_Prompt_.
Go through the data line by line. Copy each one holding the string "Fusion".

[Dataset items]
■ ■ ■
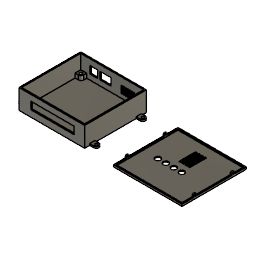
Carte ESP32 4 Relais (Autodesk Fusion 360 design; units mm, degrees)
Autodesk Fusion 360 part; units mm, degrees
note: some values were not read from the file. Chosen so that the rebuilt part matches the saved one: which bodies a step acts on; a direction. Set by a fixed rule: which sketch regions a step uses.
sketch "Esquisse1" plane through (0, 0, 0) normal (0, 0, 1) x (1, 0, 0)
  line L0 (47.5, -44.5) -> (-47.5, -44.5)
  line L1 (-47.5, -44.5) -> (-47.5, 44.5)
  line L2 (-47.5, 44.5) -> (47.5, 44.5)
  line L3 (47.5, 44.5) -> (47.5, -44.5)
  line L4 (47.5, -44.5) -> (-47.5, 44.5) construction
  line L5 (-47.5, -44.5) -> (47.5, 44.5) construction
  line L6 (49.5, -46.5) -> (-49.5, -46.5)
  line L7 (-49.5, -46.5) -> (-49.5, 46.5)
  line L8 (-49.5, 46.5) -> (49.5, 46.5)
  line L9 (49.5, 46.5) -> (49.5, -46.5)
  circle A0 centre (55.5, -35) radius 4
  line L10 (55.5, -39) -> (49.5, -39)
  line L11 (55.5, -31) -> (49.5, -31)
  circle A1 centre (55.5, 35) radius 4
  line L12 (55.5, -35) -> (55.5, 39) construction
  line L13 (60, 0) -> (0, 0) construction
  line L14 (55.5, 39) -> (49.5, 39)
  line L15 (55.5, 31) -> (49.5, 31)
  circle A2 centre (-55.5, -35) radius 4
  circle A3 centre (-55.5, 35) radius 4
  line L16 (-55.5, -35) -> (-55.5, 35) construction
  line L17 (-55.5, -39) -> (-49.5, -39)
  line L18 (-55.5, -31) -> (-49.5, -31)
  line L19 (-55.5, 31) -> (-49.5, 31)
  line L20 (-55.5, 39) -> (-49.5, 39)
  circle A4 centre (-55.5, 35) radius 2
  circle A5 centre (55.5, -35) radius 2
  circle A6 centre (-55.5, -35) radius 2
  circle A7 centre (55.5, 35) radius 2
  dimension "d1" = 95
  dimension "d2" = 89
  dimension "d3" = -2
  dimension "d56" = 8
  dimension "d59" = 8
  dimension "d60" = 70
  dimension "d61" = 8
  dimension "d62" = 8
  dimension "d63" = 6
  dimension "d64" = 6
  dimension "d65" = 4
  dimension "d66" = 4
  dimension "d67" = 4
  dimension "d68" = 4
  constraint horizontal L0
  constraint perpendicular L0 L1
  constraint parallel L0 L2
  constraint parallel L1 L3
  constraint coincident L4 L13.end
  constraint coincident L5 L13.end
  constraint coincident L13.end origin
  constraint coincident A0 L10.start
  constraint coincident L9 L10.end
  constraint perpendicular L9 L10
  constraint coincident A0 L11.start
  constraint coincident L9 L11.end
  constraint perpendicular L9 L11
  constraint coincident A0.centre L12.start
  constraint perpendicular L11 L12
  constraint coincident A1 L12.end
  constraint horizontal L13
  constraint symmetric A0 A1 L13
  constraint coincident L9 L14.end
  constraint tangent A1 L14
  constraint coincident A1 L15.start
  constraint coincident L12 L15.start
  constraint coincident L9 L15.end
  constraint perpendicular L9 L15
  constraint coincident A2.centre L16.start
  constraint coincident A3.centre L16.end
  constraint vertical L16
  constraint coincident A2 L17.start
  constraint coincident L7 L17.end
  constraint perpendicular L7 L17
  constraint coincident A2 L18.start
  constraint coincident L16 L18.start
  constraint coincident L7 L18.end
  constraint perpendicular L7 L18
  constraint coincident A3 L19.start
  constraint coincident L16 L19.start
  constraint coincident L7 L19.end
  constraint perpendicular L7 L19
  constraint coincident A3 L20.start
  constraint coincident L7 L20.end
  constraint perpendicular L7 L20
  constraint concentric A2 A6
  constraint concentric A1 A7
  measures "d1" distance of L1.end L2.end
  measures "d2" distance of L0.end L1.end
  measures "d56" diameter of A0
  measures "d59" diameter of A1
  measures "d60" distance of A0.centre A1.centre
  measures "d61" diameter of A2
  measures "d62" diameter of A3
  measures "d63" distance of L9 A0.centre
  measures "d64" distance of L7 L16
  measures "d65" diameter of A4
  measures "d66" diameter of A5
  measures "d67" diameter of A6
  measures "d68" diameter of A7
extrude "Extrusion1" add sketch "Esquisse1" along normal blind 2 contours L0 L1 L2 L3 makes body 1
extrude "Extrusion8" add sketch "Esquisse1" along normal blind 2.5 separate body contours L9 A0 L10 L11 | L7 A2 L17 L18 | A0 | A2 | L9 A1 L14 L15 | L7 A3 L19 L20 | A1 | A3 makes body 2 at (50.8333, -35, 0) makes body 3 at (50.8333, 35, 2.5) makes body 4 at (-50.8333, 35, 0) makes body 5 at (-50.8333, -35, 0)
extrude "Extrusion2" add sketch "Esquisse1" along normal blind 30 contours L6 L7 L8 L9 bodies 1 2 3 4 5
sketch "Esquisse2" plane through (0, -46.5, 0) normal (0, -1, 0) x (1, 0, 0)
  line L0 (-49.5, 0) -> (49.5, 0)
  line L1 (49.5, 0) -> (49.5, 30)
  line L2 (49.5, 30) -> (-49.5, 30)
  line L3 (-49.5, 30) -> (-49.5, 0)
  line L4 (-31.5, 0) -> (33.5, 0)
  line L5 (33.5, 0) -> (33.5, 21)
  line L6 (33.5, 21) -> (-31.5, 21)
  line L7 (-31.5, 21) -> (-31.5, 0)
  line L8 (-31.5, 10) -> (33.5, 10)
  dimension "d8" = 18
  dimension "d9" = 65
  dimension "d11" = 10
  dimension "d135" = 11
  constraint horizontal L4
  constraint vertical L5
  constraint horizontal L6
  constraint vertical L7
  constraint coincident L0 L4.start
  constraint coincident L7 L8.start
  constraint coincident L5 L8.end
  constraint perpendicular L5 L8
  measures "d8" distance of L3 L7
  measures "d9" distance of L5.end L6.end
  measures "d11" distance of L4 L8
  measures "d135" distance of L6 L8
extrude "Extrusion3" cut sketch "Esquisse2" against normal up to surface (2 mm away) contours L5 L6 L7 L8 bodies 1
sketch "Esquisse3" plane through (0, 46.5, 0) normal (0, 1, 0) x (-1, 0, 0)
  line L0 (-49.5, 0) -> (49.5, 0)
  line L1 (49.5, 0) -> (49.5, 30)
  line L2 (49.5, 30) -> (-49.5, 30)
  line L3 (-49.5, 30) -> (-49.5, 0)
  line L4 (33.5, 0) -> (2, 0)
  line L5 (2, 0) -> (2, 21)
  line L6 (2, 21) -> (33.5, 21)
  line L7 (33.5, 21) -> (33.5, 0)
  line L8 (18.5, 21) -> (22, 21)
  line L9 (22, 21) -> (22, 0)
  line L10 (22, 0) -> (18.5, 0)
  line L11 (18.5, 0) -> (18.5, 21)
  line L12 (2, 10) -> (33.5, 10)
  dimension "d14" = 16
  dimension "d18" = 3.5
  dimension "d19" = 10
  dimension "d137" = 11.5
  dimension "d138" = 16.5
  dimension "d144" = 11
  constraint horizontal L4
  constraint vertical L5
  constraint horizontal L6
  constraint vertical L7
  constraint coincident L0 L4.start
  constraint horizontal L8
  constraint vertical L9
  constraint horizontal L10
  constraint vertical L11
  constraint coincident L6 L8.start
  constraint coincident L5 L12.start
  constraint coincident L7 L12.end
  constraint perpendicular L7 L12
  measures "d14" distance of L1 L7
  measures "d18" distance of L9 L11
  measures "d19" distance of L4 L12
  measures "d137" distance of L7 L9
  measures "d138" distance of L5 L11
  measures "d144" distance of L6 L12
extrude "Extrusion4" cut sketch "Esquisse3" against normal up to surface (2 mm away) contours L5 L6 L11 L12 | L6 L7 L9 L12 bodies 1
sketch "Esquisse4" plane through (0, 0, 2) normal (0, 0, 1) x (-1, 0, 0)
  line L0 (-47.5, -44.5) -> (47.5, -44.5)
  line L1 (47.5, -44.5) -> (47.5, 44.5)
  line L2 (47.5, 44.5) -> (-47.5, 44.5)
  line L3 (31.5, 44.5) -> (31.5, 46.5)
  line L4 (31.5, 46.5) -> (-33.5, 46.5)
  line L5 (-33.5, 46.5) -> (-33.5, 44.5)
  line L6 (-47.5, 44.5) -> (-47.5, -44.5)
  circle A0 centre (-42.5, 40) radius 4
  circle A1 centre (42.5, 40) radius 4
  line L7 (0, -48) -> (0, 48) construction
  circle A2 centre (-42.5, -40) radius 4
  circle A3 centre (42.5, -40) radius 4
  line L8 (-58.0065, 0) -> (65, 0) construction
  line L9 (18.5, -44.5) -> (2, -44.5)
  line L10 (2, -44.5) -> (2, -46.5)
  line L11 (2, -46.5) -> (18.5, -46.5)
  line L12 (18.5, -46.5) -> (18.5, -44.5)
  line L13 (33.5, -44.5) -> (22, -44.5)
  line L14 (22, -44.5) -> (22, -46.5)
  line L15 (22, -46.5) -> (33.5, -46.5)
  line L16 (33.5, -46.5) -> (33.5, -44.5)
  line L17 (-33.5, 44.5) -> (31.5, 44.5)
  line L18 (42.5, -36) -> (47.5, -36)
  line L19 (38.5, -40.0091) -> (38.5102, -44.5)
  line L20 (-42.5, -36) -> (-47.5, -36)
  line L21 (-38.5, -40) -> (-38.5, -44.5)
  line L22 (-42.4542, 36.0003) -> (-47.5, 35.9425)
  line L23 (-38.5, 40.0021) -> (-38.5024, 44.5)
  line L24 (42.5, 36) -> (47.5, 36)
  line L25 (38.5, 39.9891) -> (38.4877, 44.5)
  circle A4 centre (-42.5, 40) radius 2.3
  circle A5 centre (42.5, 40) radius 2.3
  circle A6 centre (42.5, -40) radius 2.3
  circle A7 centre (-42.5, -40) radius 2.3
  dimension "d22" = 85
  dimension "d23" = 85
  dimension "d24" = 8
  dimension "d25" = 8
  dimension "d26" = 8
  dimension "d27" = 8
  dimension "d37" = 80
  dimension "d140" = 4.6
  dimension "d141" = 4.6
  dimension "d142" = 4.6
  dimension "d143" = 4.6
  constraint midpoint L7 origin
  constraint perpendicular L4 L7
  constraint symmetric A0.centre A1.centre L7
  constraint symmetric L7 A2.centre A3.centre
  constraint perpendicular L6 L8
  constraint symmetric A0.centre A2.centre L8
  constraint coincident origin L8
  constraint coincident A3 L18.start
  constraint coincident L1 L18.end
  constraint perpendicular L1 L18
  constraint coincident A3 L19.start
  constraint coincident L0 L19.end
  constraint tangent A3 L19
  constraint coincident A2 L20.start
  constraint coincident L6 L20.end
  constraint perpendicular L6 L20
  constraint coincident A2 L21.start
  constraint coincident L0 L21.end
  constraint perpendicular L0 L21
  constraint coincident A0 L22.start
  constraint coincident L6 L22.end
  constraint tangent A0 L22
  constraint coincident A0 L23.start
  constraint coincident L2 L23.end
  constraint tangent A0 L23
  constraint coincident L1 L24.end
  constraint perpendicular L1 L24
  constraint coincident A1 L25.start
  constraint coincident L2 L25.end
  constraint tangent A1 L25
  constraint coincident A1 L24.start
  constraint concentric A0 A4
  constraint concentric A1 A5
  constraint concentric A3 A6
  constraint concentric A2 A7
  measures "d22" distance of A0.centre A1.centre
  measures "d23" distance of A2.centre A3.centre
  measures "d24" diameter of A0
  measures "d25" diameter of A1
  measures "d26" diameter of A2
  measures "d27" diameter of A3
  measures "d37" distance of A0.centre A2.centre
  measures "d140" diameter of A4
  measures "d141" diameter of A7
  measures "d142" diameter of A5
  measures "d143" diameter of A6
extrude "Extrusion5" add sketch "Esquisse4" along normal blind 6.5 contours L0 L6 A2 L20 L21 | A2 | L2 L6 A0 L22 L23 | A0 | L0 L1 A3 L18 L19 | A3 | L1 L2 A1 L24 L25 | A1 bodies 1
sketch "Esquisse6" plane through (0, 46.5, 0) normal (0, 1, 0) x (-1, 0, 0)
  line L0 (2, 21) -> (18.5, 21)
  line L1 (18.5, 21) -> (18.5, 10)
  line L2 (18.5, 10) -> (2, 10)
  line L3 (2, 10) -> (2, 21)
  line L4 (33.5, 21) -> (33.5, 10)
  line L5 (33.5, 10) -> (22, 10)
  line L6 (22, 10) -> (22, 21)
  line L7 (22, 21) -> (33.5, 21)
  line L8 (-49.5, 0) -> (49.5, 0)
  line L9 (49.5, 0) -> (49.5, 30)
■ ■ ■
_Exercise output_.
Carte ESP32 4 Relais (Autodesk Fusion 360 design; units mm, degrees)
Autodesk Fusion 360 part; units mm, degrees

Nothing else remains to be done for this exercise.